Pagi itu cuaca sangat bersahabat. Dari arah belakang saung, terdengar suara beberapa anggota tim Badega Gunung Parang sedang memersiapkan peralatan pendakian. Hari itu, saya bersama beberapa penguji nyali lainnya akan menjajal via ferrata tertinggi di Asia Tenggara.
Via ferrata adalah teknik memanjat dengan mendaki tangga besi yang "ditanam" di dinding tebing. Di Asia Tenggara, hanya ada dua negara yang memiliki via ferrata yakni Malaysia dan Indonesia. Namun, via ferrata di Indonesia adalah yang tertinggi.
Sampai saat ini, wisatawan bisa mendaki tebing lewat via ferrata hingga ketinggian 700 meter di atas permukaan tanah. Gunung Parang yang terletak di Kabupaten Purwakarta, Jawa Barat, adalah tempat untuk mencoba via ferrata.
Badega Gunung Parang adalah salah satu operator wisata, sekaligus komunitas, yang melayani panjat tebing via ferrata. Selain itu ada pula Skywalker, yang memiliki via ferrata di sisi lain Gunung Parang.
Pukul 09.00 WIB, semua orang bergegas. Peralatan keselamatan disematkan kepada tiap orang: harness, tali panjat, lanyard, karabiner (pengait), juga helm. Tiap orang punya dua pengaman. Satu dipasangkan di kabel baja yang membentang di kiri atau kanan tangga. Pengaman lainnya dipasangkan di tangga via ferrata.
Perjalanan dimulai. Satu karabiner dipasangkan ke kabel baja sebelah kiri tangga. Satu karabiner lainnya dipasangkan ke tangga via ferrata. Sepanjang pendakian, kita harus memindahkan dua karabiner tersebut secara bergantian. Ini untuk memastikan pendaki punya pengaman cadangan saat pengaman yang satu lagi dipindahkan.
Baru sekitar 30 meter pendakian, kita sudah bisa melihat pemandangan dari ketinggian. Pendaki boleh beristirahat kapan saja, sesuai kemampuan. Panjat tebing dengan mendaki tangga seperti ini bisa dibilang rekreasional. Siapa pun dari usia berapa pun bisa melakukannya.

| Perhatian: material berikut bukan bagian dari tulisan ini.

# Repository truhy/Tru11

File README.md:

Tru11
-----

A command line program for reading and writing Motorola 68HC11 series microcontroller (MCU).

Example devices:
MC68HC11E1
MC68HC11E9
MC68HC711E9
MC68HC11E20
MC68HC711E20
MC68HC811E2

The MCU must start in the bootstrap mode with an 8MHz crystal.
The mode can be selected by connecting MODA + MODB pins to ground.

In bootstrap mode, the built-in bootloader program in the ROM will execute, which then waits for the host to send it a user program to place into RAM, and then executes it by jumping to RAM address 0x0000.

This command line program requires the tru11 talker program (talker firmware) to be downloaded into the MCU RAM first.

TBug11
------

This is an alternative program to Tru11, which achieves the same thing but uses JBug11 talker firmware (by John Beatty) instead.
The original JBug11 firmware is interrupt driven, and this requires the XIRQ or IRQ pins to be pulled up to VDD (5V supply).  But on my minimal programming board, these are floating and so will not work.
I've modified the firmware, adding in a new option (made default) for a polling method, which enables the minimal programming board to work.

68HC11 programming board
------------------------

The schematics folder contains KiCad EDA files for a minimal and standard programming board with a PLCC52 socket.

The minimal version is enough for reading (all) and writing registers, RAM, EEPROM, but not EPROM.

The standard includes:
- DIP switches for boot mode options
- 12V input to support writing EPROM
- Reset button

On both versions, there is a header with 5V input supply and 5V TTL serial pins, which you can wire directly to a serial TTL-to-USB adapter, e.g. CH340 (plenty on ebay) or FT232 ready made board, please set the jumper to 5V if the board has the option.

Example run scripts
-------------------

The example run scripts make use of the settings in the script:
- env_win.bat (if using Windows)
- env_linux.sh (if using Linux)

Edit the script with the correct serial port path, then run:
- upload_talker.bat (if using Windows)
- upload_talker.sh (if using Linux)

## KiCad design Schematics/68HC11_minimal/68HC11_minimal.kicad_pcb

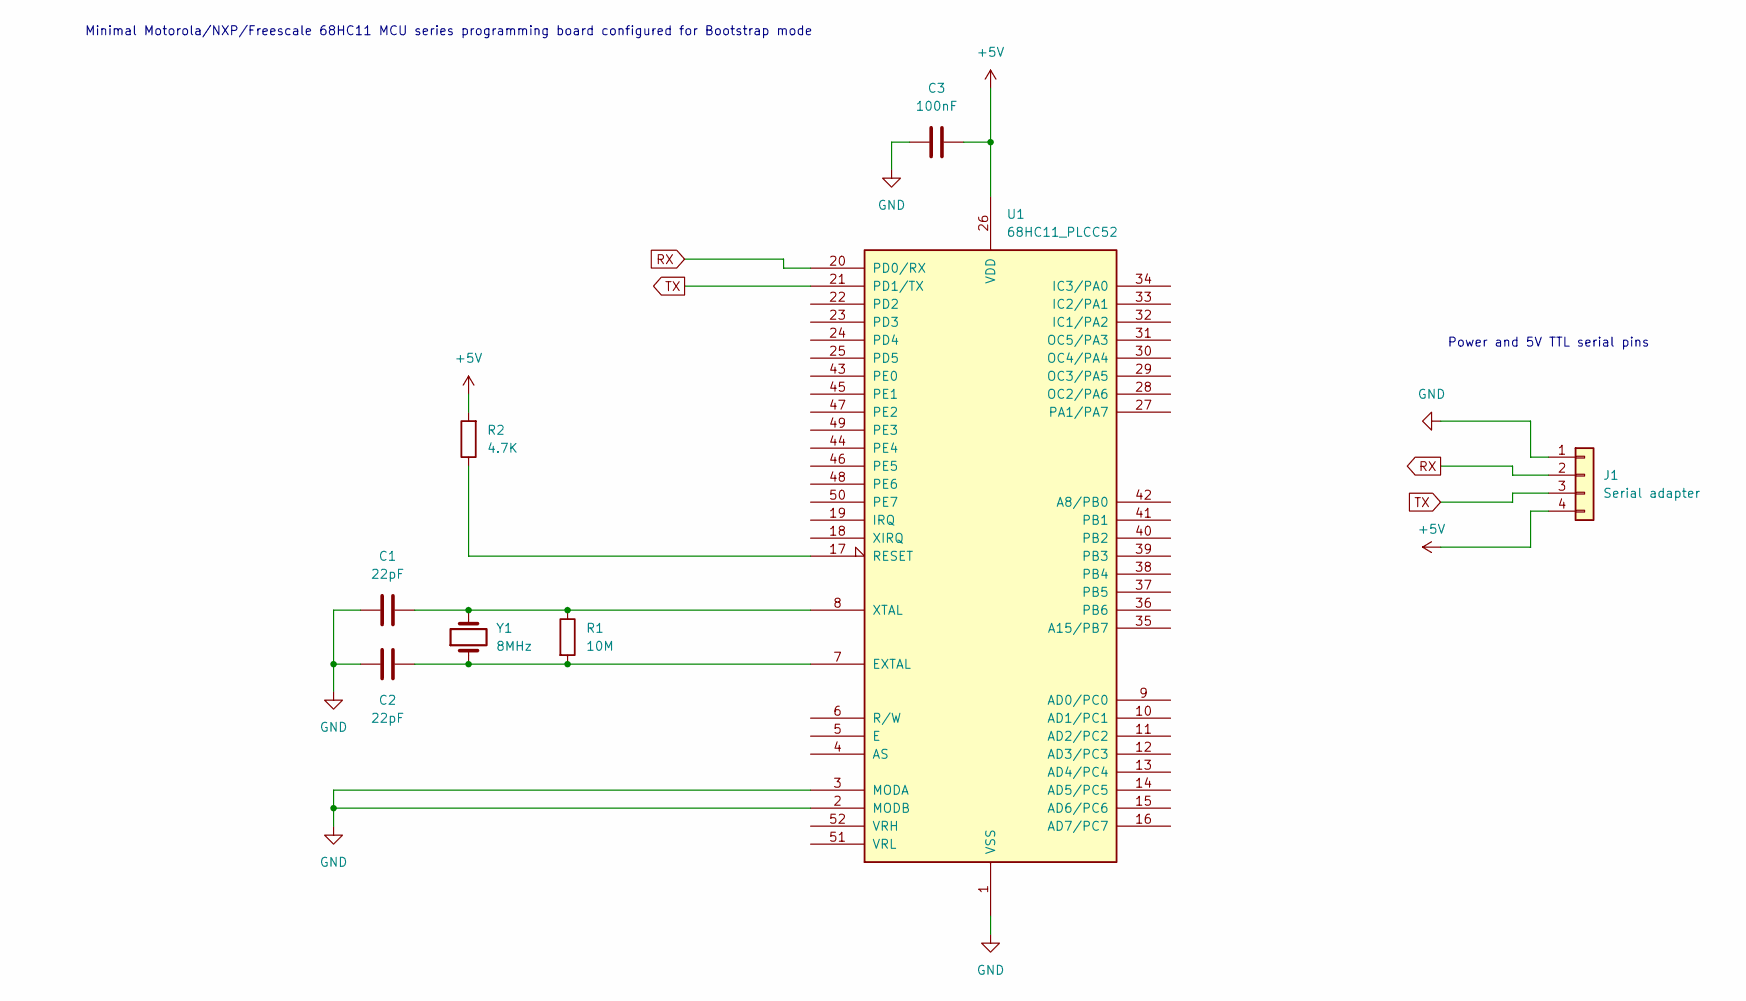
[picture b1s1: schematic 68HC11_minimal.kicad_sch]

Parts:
C1, C2: 22pF; C_0805_2012Metric_Pad1.18x1.45mm_HandSolder
C3: 100nF; C_0805_2012Metric_Pad1.18x1.45mm_HandSolder
J1: Serial adapter; PinHeader_1x04_P2.54mm_Vertical
R1: 10M; R_0805_2012Metric_Pad1.20x1.40mm_HandSolder
R2: 4.7K; R_0805_2012Metric_Pad1.20x1.40mm_HandSolder
U1: 68HC11_PLCC52; PLCC-52_THT-Socket
Y1: 8MHz; Crystal_HC49-4H_Vertical

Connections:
+5V: C3.2, J1.4, R2.2, U1.26 (VDD)
GND: C1.1, C2.1, C3.1, J1.1, U1.1 (VSS), U1.2 (MODB), U1.3 (MODA)
unnamed: C2.2, R1.2, U1.7 (EXTAL), Y1.1
unnamed: R2.1, U1.17 (RESET)
unnamed: C1.2, R1.1, U1.8 (XTAL), Y1.2
RX: J1.2, U1.20 (PD0/RX)
TX: J1.3, U1.21 (PD1/TX)

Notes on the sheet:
Power and 5V TTL serial pins
Minimal Motorola/NXP/Freescale 68HC11 MCU series programming board configured for Bootstrap mode

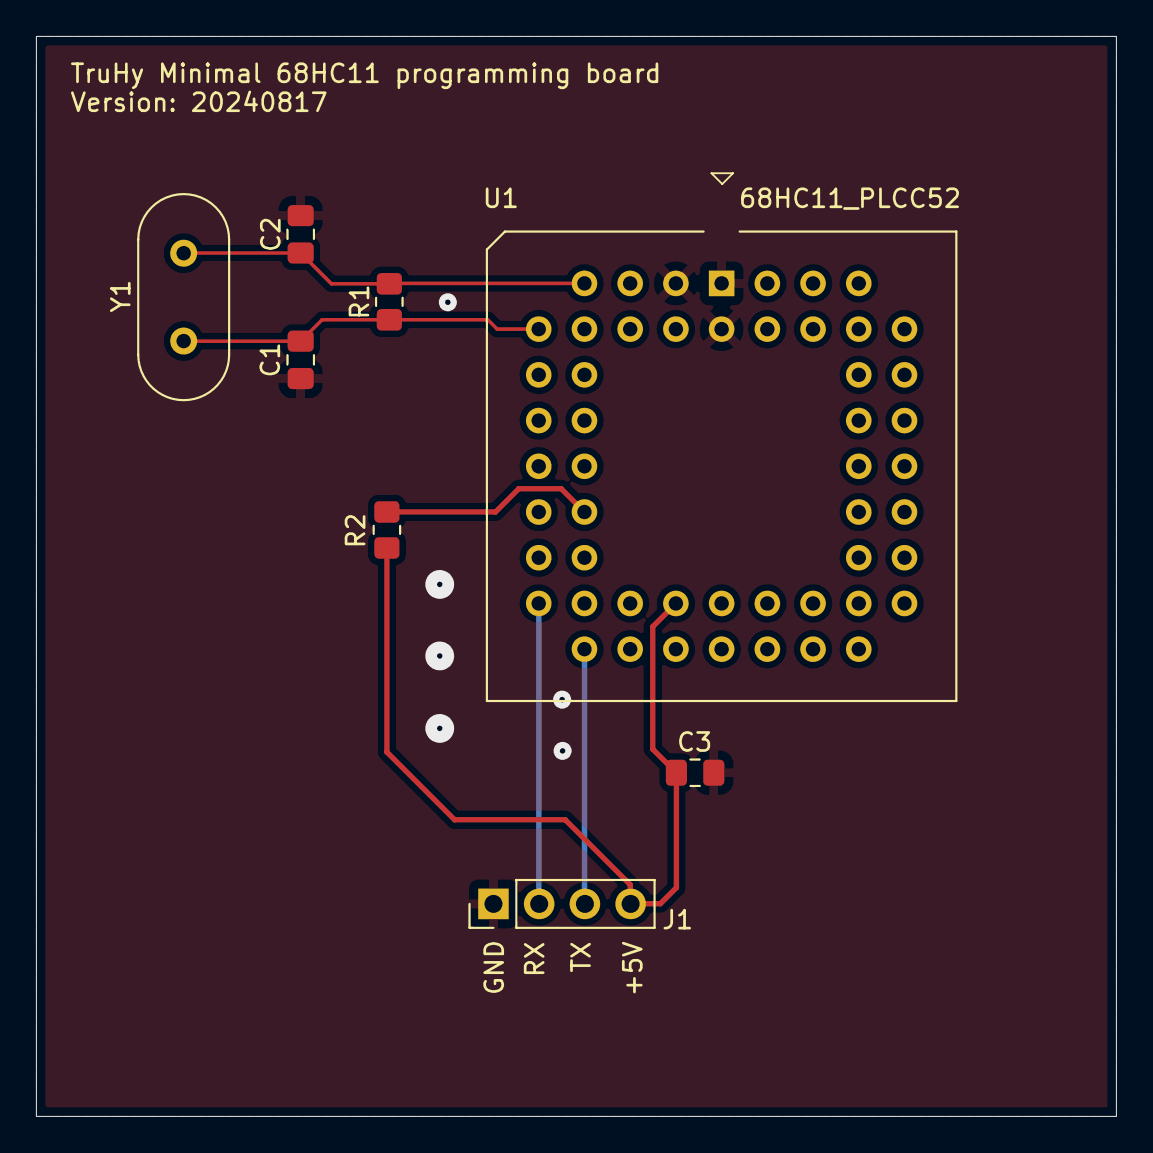
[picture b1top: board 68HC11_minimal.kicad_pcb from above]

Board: 2 copper layers, 60.0 x 60.0 mm, 8 parts (0 on the bottom side), 7 nets.

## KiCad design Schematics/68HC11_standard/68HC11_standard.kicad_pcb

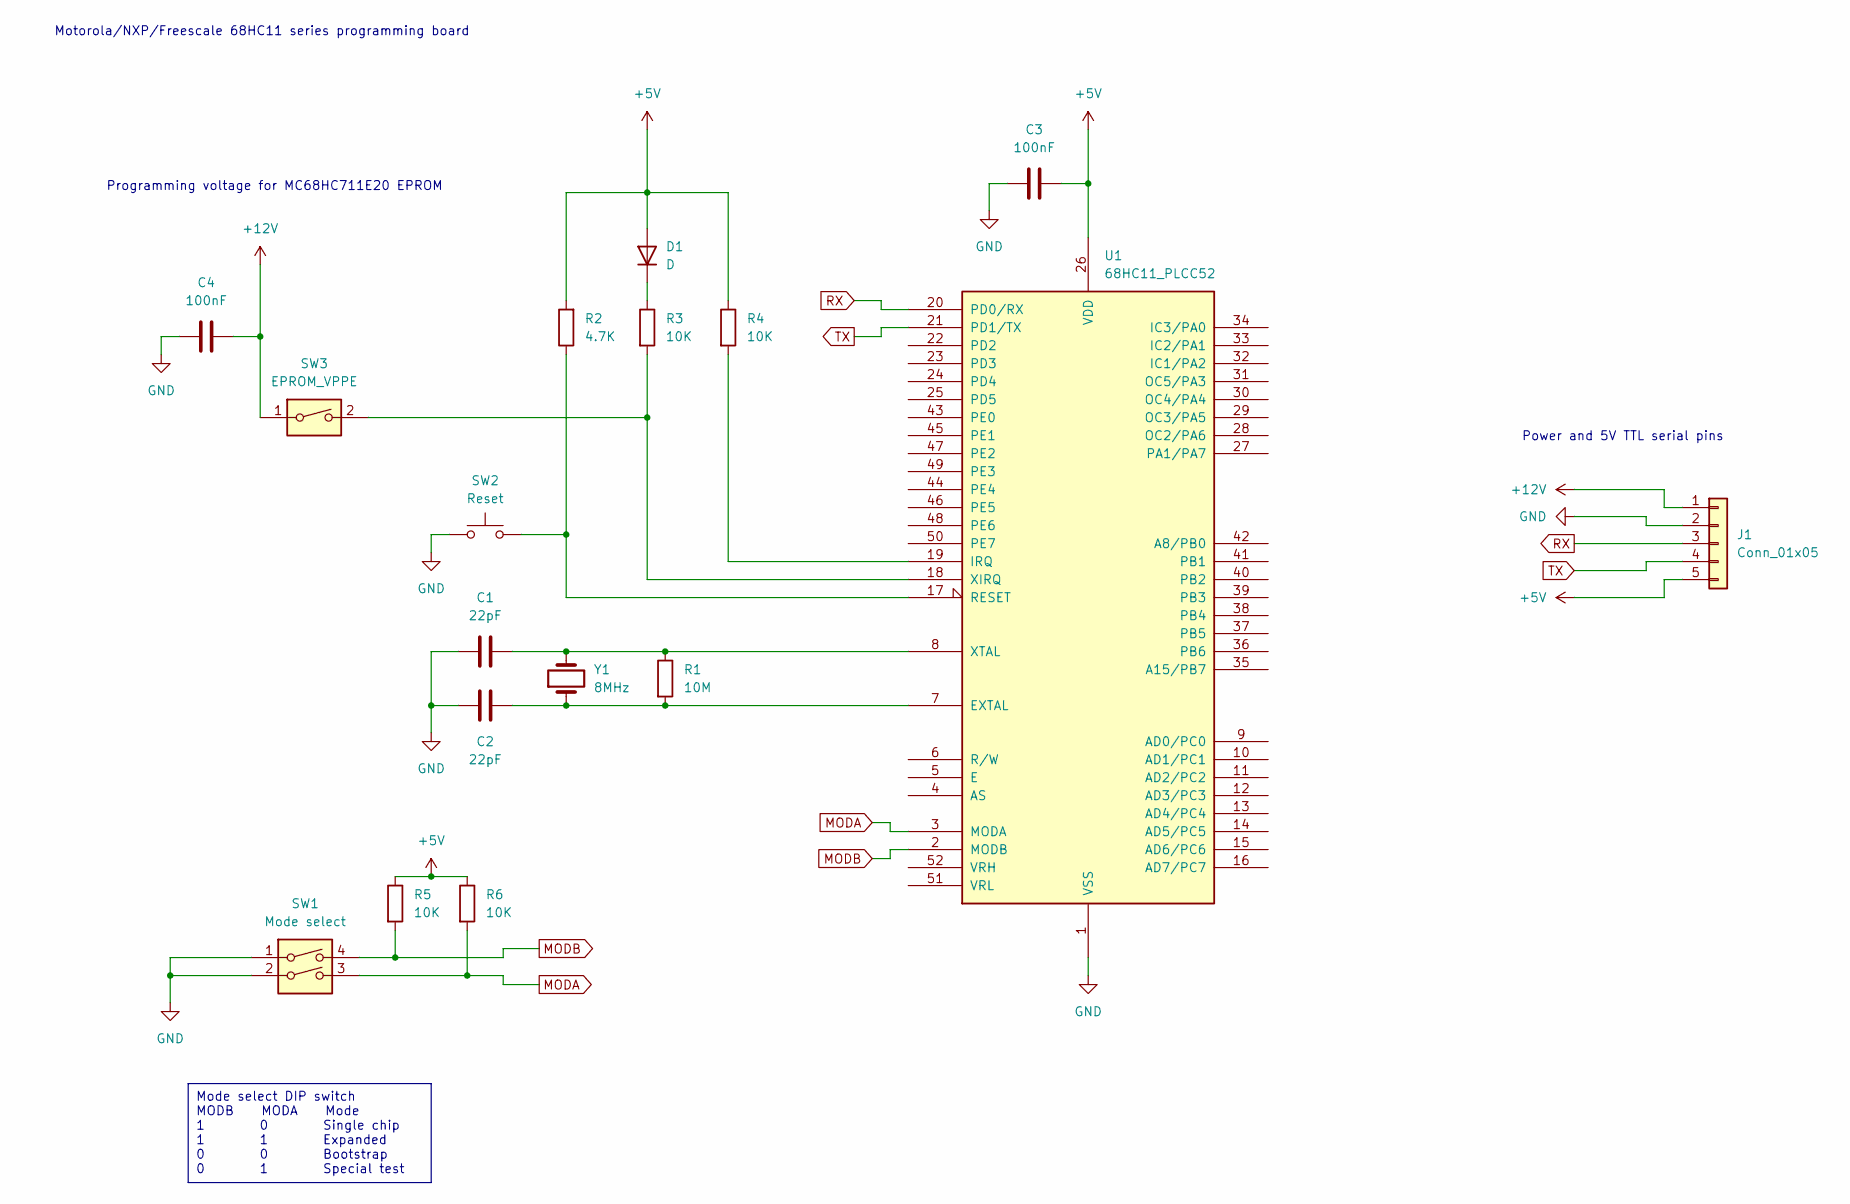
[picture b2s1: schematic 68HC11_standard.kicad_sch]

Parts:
C1, C2: 22pF; C_0805_2012Metric_Pad1.18x1.45mm_HandSolder
C3, C4: 100nF; C_0805_2012Metric_Pad1.18x1.45mm_HandSolder
D1: D
J1: Conn_01x05; PinHeader_1x05_P2.54mm_Vertical
R1: 10M; R_0805_2012Metric_Pad1.20x1.40mm_HandSolder
R2: 4.7K; R_0805_2012Metric_Pad1.20x1.40mm_HandSolder
R3, R4, R5, R6: 10K; R_0805_2012Metric_Pad1.20x1.40mm_HandSolder
SW1: Mode select; SW_DIP_SPSTx02_Slide_9.78x7.26mm_W7.62mm_P2.54mm
SW2: Reset; SW_SPST_Omron_B3FS-100xP
SW3: EPROM_VPPE; SW_DIP_SPSTx01_Slide_9.78x4.72mm_W7.62mm_P2.54mm
U1: 68HC11_PLCC52; PLCC-52_THT-Socket
Y1: 8MHz; Crystal_HC49-4H_Vertical

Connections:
+5V: C3.2, D1.1 (K), D1.2 (A), J1.5, R2.2, R3.1, R4.1, R5.1, R6.1, U1.26 (VDD)
+12V: C4.2, J1.1, SW3.1
GND: C1.1, C2.1, C3.1, C4.1, J1.2, SW1.1, SW1.2, SW2.1, U1.1 (VSS)
MODA: R6.2, SW1.3, U1.3 (MODA)
MODB: R5.2, SW1.4, U1.2 (MODB)
unnamed: C2.2, R1.2, U1.7 (EXTAL), Y1.1
unnamed: R4.2, U1.19 (IRQ)
unnamed: R2.1, SW2.2, U1.17 (RESET)
unnamed: R3.2, SW3.2, U1.18 (XIRQ)
unnamed: C1.2, R1.1, U1.8 (XTAL), Y1.2
RX: J1.3, U1.20 (PD0/RX)
TX: J1.4, U1.21 (PD1/TX)

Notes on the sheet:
Mode select DIP switch MODB MODA Mode 1 0 Single chip 1 1 Expanded 0 0 Bootstrap 0 1 Special test
Power and 5V TTL serial pins
Programming voltage for MC68HC711E20 EPROM
Motorola/NXP/Freescale 68HC11 series programming board

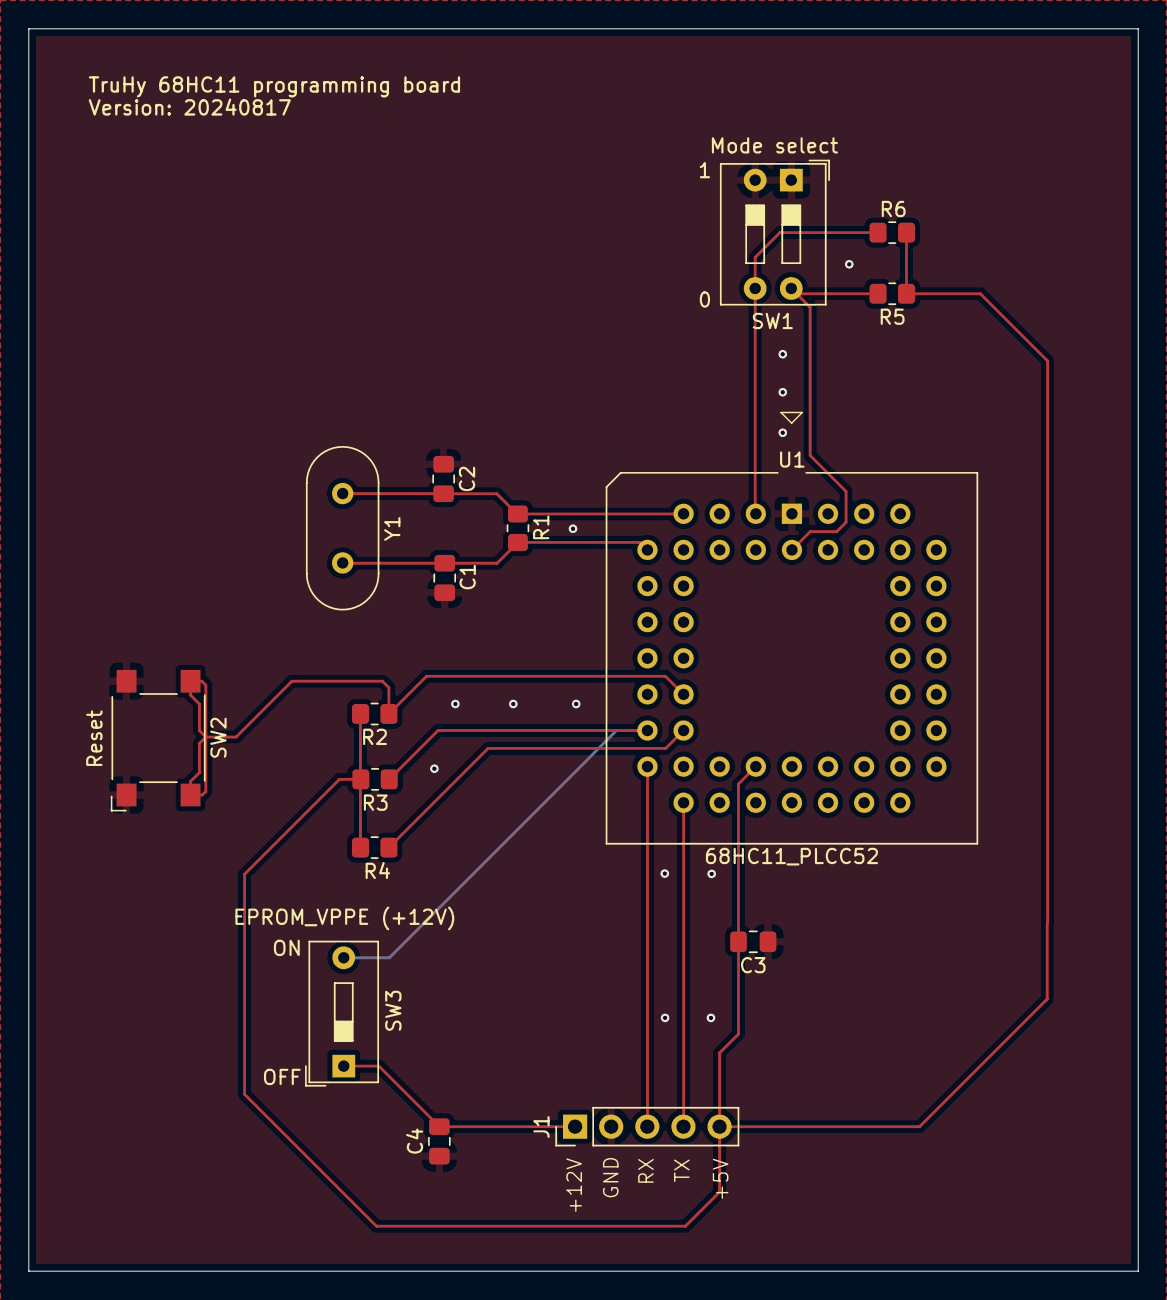
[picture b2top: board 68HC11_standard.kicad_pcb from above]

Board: 2 copper layers, 78.0 x 87.4 mm, 16 parts (0 on the bottom side), 12 nets.

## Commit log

2024-09-23 Update JBug_Talk.asm
    Idle loop (do nothing until an interrupt) was commented out for debugging. Re-enabled it according to the IntType.
2024-11-24 Corrected the handle name
    corrected the handle name to fd
2025-04-11 Changed object folder paths

Dhani Daelami, penggagas Badega Gunung Parang mengatakan, via ferrata aman dilakukan oleh pengunjung dari segala usia. Asal, memiliki tinggi minimal satu meter dan tidak punya penyakit jantung atau ayan.
Perjalanan pun berlanjut, tibalah saya di titik perhentian pertama yakni ketinggian 100 meter. Lama pendakian dari titik nol sampai 100 meter adalah sekitar 30 menit. Ini adalah titik rekreasi, mayoritas pendaki yang ingin mencoba via ferrata hanya sampai titik ini.
Namun, titik itu baru sepertujuh dari perjalanan. Rombongan pun melanjutkan perjalanan. Ada beberapa titik peristirahatan, yang paling nyaman terletak pada ketinggian 200 meter. Terdapat bale kecil di bawah pohon rindang, sangat "mengundang" untuk beristirahat.
Selebihnya yakni di ketinggian 300, 400, dan 500 meter, tempat peristirahatan hanya berupa dataran sempit di pinggir tebing. Beberapa tempat bahkan tak punya pohon sama sekali.
Matahari yang awalnya bersinar malu-malu pada pagi hari, berubah menjadi "oven" di atas kepala pada siang hari. Sepanjang pendakian via ferrata, kita harus rela berjemur di bawah sinar matahari di pinggir tebing. Oleh karena itu penting untuk membawa air mineral dan makanan ringan sepanjang perjalanan.
Sekitar pukul 16.00 WIB, akhirnya saya sampai di titik tertinggi via ferrata yakni 700 meter. Bendera Merah Putih berkibar dengan gagahnya. Tak banyak ruang untuk beristirahat di titik ini, sehingga rombongan harus berpencar dan istirahat di tengah tangga.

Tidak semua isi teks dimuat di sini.